Mejora también la dirección asistida, un 22% más directa que la que monta el resto de los Clase E y equipa control de estabilidad ESP de tres etapas -heradado de los modelos SL 63 AMG y C 63 AMG-, que permite elegir entre los modos “ESP On”, “ESP Sport” y “ESP Off”. Monta nuevos discos de freno delanteros cerámicos de 360 mm de diámetro, autoventilados y perforados. El buque insignia AMG de la Clase E incluye de serie otros elementos de seguridad activa y pasiva como el nuevo sistema de detección de cansancio -atencion assist-, de anticipación de protección de los ocupantes Pre-Safe, así como siete airbag y reposacabezas activos.


En opción, ofrece asistente de cambio de carril y control de ángulo muerto, Pre-Safe con función de frenado automático de emergencia, luz automática e inteligente de carretera o lectura de los límites de velocidad.
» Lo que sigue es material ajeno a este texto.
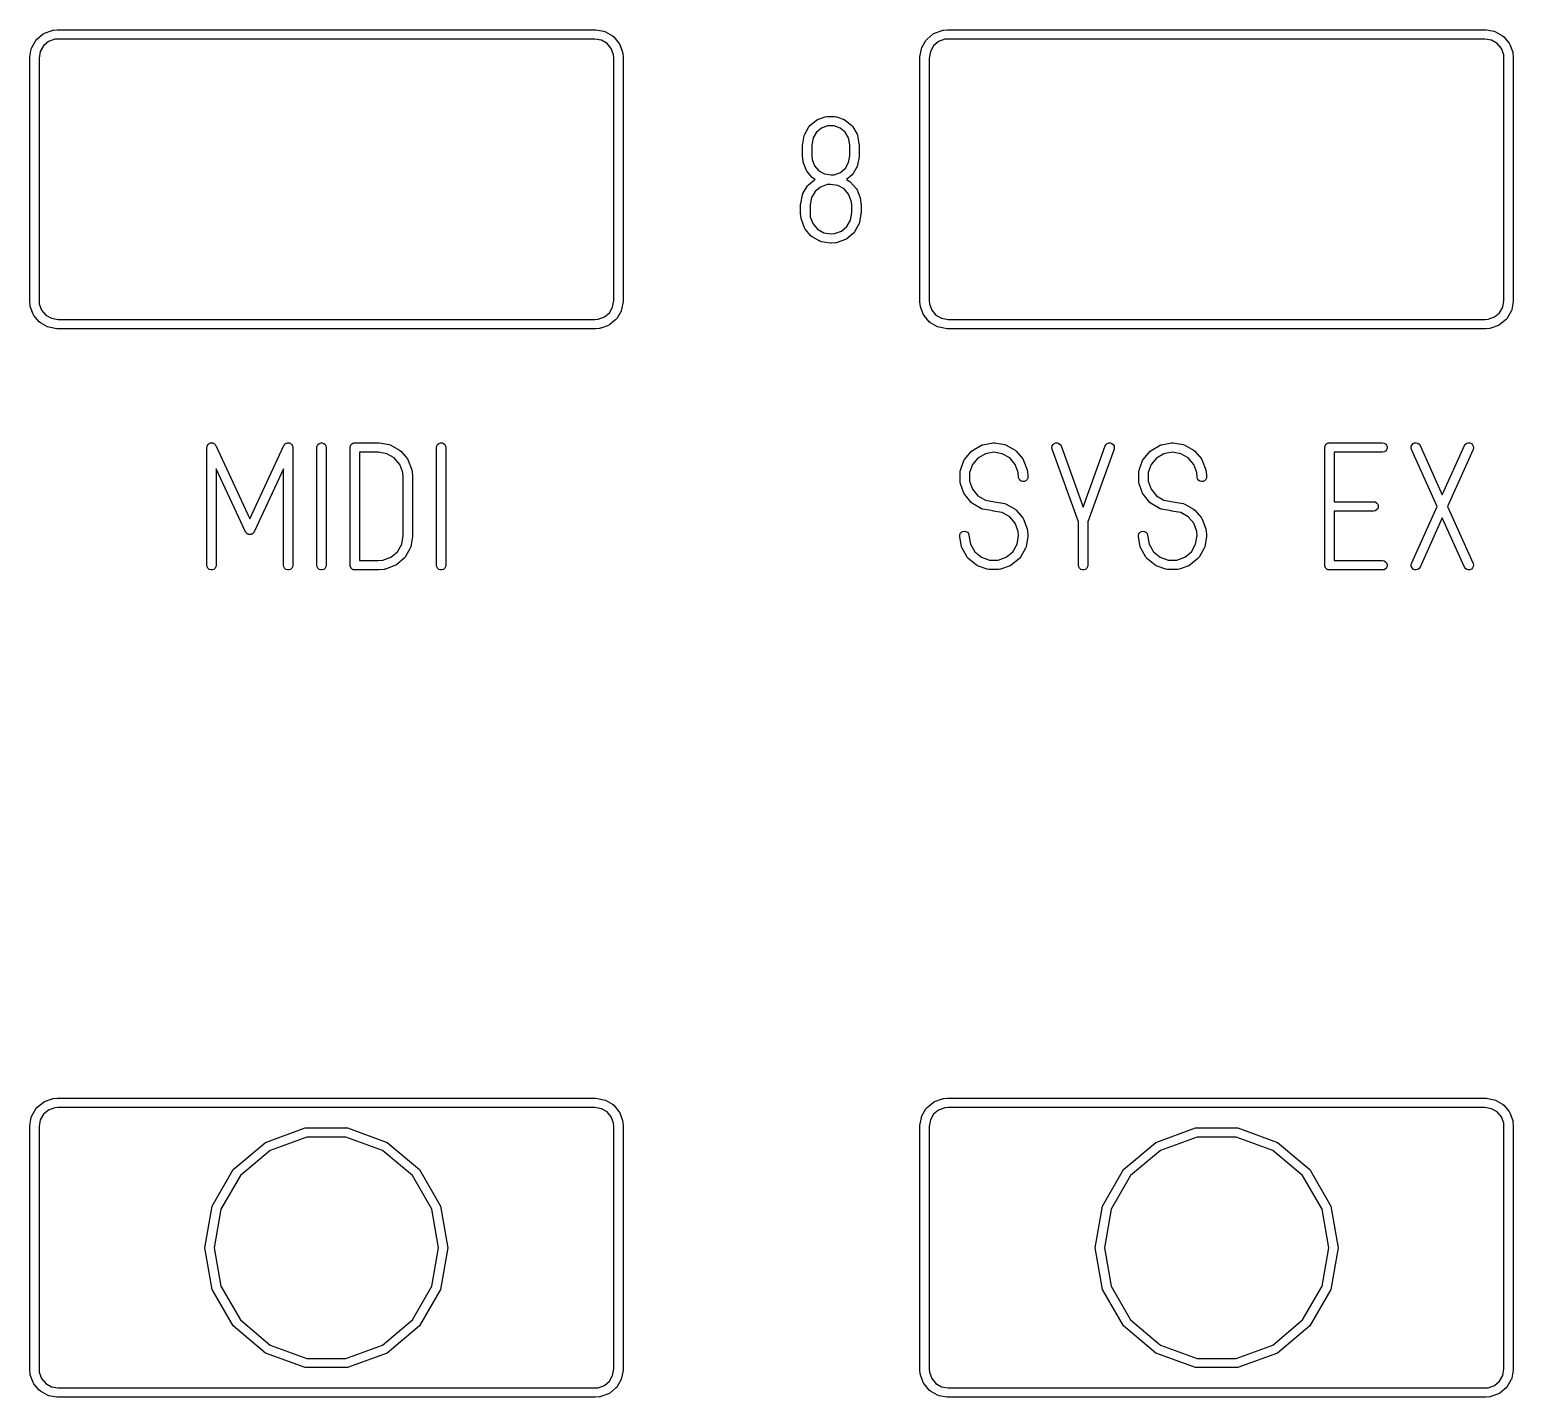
# Model space of a CAD drawing. Extents: x 10 to 493, y -203 to -71.
# Drawn here: x 410.21 to 441.96, y -167.03 to -137.77 of the extents above; entities that cross this region are included whole.
import ezdxf

# ---------------------------------------------------------------- set-up
doc = ezdxf.new("R2010")
doc.units = 0
doc.header["$MEASUREMENT"] = 0
doc.layers.add('BLACK', color=7, linetype='CONTINUOUS')

msp = doc.modelspace()

# ---------------------------------------------------------------- linework, layer by layer
at = {"layer": 'Black'}
for p, q in [((410.526, -137.843), (410.689, -137.784)), ((410.689, -137.784), (410.702, -137.781)), ((410.702, -137.781), (410.714, -137.778)), ((410.714, -137.778), (410.801, -137.77)), ((410.801, -137.77), (410.806, -137.771)), ((410.806, -137.771), (410.81, -137.77)), ((410.81, -137.77), (422.31, -137.77)), ((422.31, -137.77), (422.319, -137.772)), ((422.319, -137.772), (422.327, -137.772)), ((422.327, -137.772), (422.498, -137.802)), ((429.576, -137.843), (429.739, -137.784)), ((429.739, -137.784), (429.752, -137.781)), ((429.752, -137.781), (429.764, -137.778)), ((429.764, -137.778), (429.851, -137.77)), ((429.851, -137.77), (429.856, -137.771)), ((429.856, -137.771), (429.86, -137.77)), ((429.86, -137.77), (441.36, -137.77)), ((441.36, -137.77), (441.369, -137.772)), ((441.369, -137.772), (441.377, -137.772)), ((441.377, -137.772), (441.548, -137.802)), ((410.254, -138.149), (410.34, -137.999)), ((410.34, -137.999), (410.363, -137.972)), ((410.363, -137.972), (410.496, -137.86)), ((410.496, -137.86), (410.526, -137.843)), ((410.611, -138.025), (410.505, -138.114)), ((410.745, -137.976), (410.611, -138.025)), ((410.814, -137.97), (410.745, -137.976)), ((422.301, -137.97), (410.814, -137.97)), ((422.446, -137.996), (422.301, -137.97)), ((422.566, -138.065), (422.446, -137.996)), ((422.498, -137.802), (422.531, -137.814)), ((422.531, -137.814), (422.681, -137.9)), ((422.655, -138.171), (422.566, -138.065)), ((422.681, -137.9), (422.708, -137.923)), ((422.708, -137.923), (422.82, -138.056)), ((422.82, -138.056), (422.837, -138.086)), ((422.837, -138.086), (422.896, -138.249)), ((429.304, -138.149), (429.39, -137.999)), ((429.39, -137.999), (429.413, -137.972)), ((429.413, -137.972), (429.546, -137.86)), ((429.546, -137.86), (429.576, -137.843)), ((429.661, -138.025), (429.555, -138.114)), ((429.795, -137.976), (429.661, -138.025)), ((429.864, -137.97), (429.795, -137.976)), ((441.351, -137.97), (429.864, -137.97)), ((441.496, -137.996), (441.351, -137.97)), ((441.616, -138.065), (441.496, -137.996)), ((441.548, -137.802), (441.581, -137.814)), ((441.581, -137.814), (441.731, -137.9)), ((441.705, -138.171), (441.616, -138.065)), ((441.731, -137.9), (441.758, -137.923)), ((441.758, -137.923), (441.87, -138.056)), ((441.87, -138.056), (441.887, -138.086)), ((441.887, -138.086), (441.946, -138.249)), ((410.21, -138.37), (410.212, -138.361)), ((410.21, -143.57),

Asímismo, los clientes que busquen un carácter aún más deportivo pueden optar por alguno de los paquetes que ofrece AMG. Así, el nivel Performance cuenta con llantas de aleación de 19 pulgadas, diferencial trasero autoblocante al 40%, tren de rodaje con suspensión más rígida, spoiler en la tapa del maletero, volante AMG de tres radios e inserciones en Alcántara y persiana eléctrica en la luneta trasera.


Por su parte, el pack AMG Exclusive proporciona un toque más lujoso en el interior y sirve tapizado en cuero en asientos, parte superior del salpicadero, consola central y paneles de las puertas; además de techo interior, columnas y parasoles tapizados en Alcántara y alfombrillas AMG.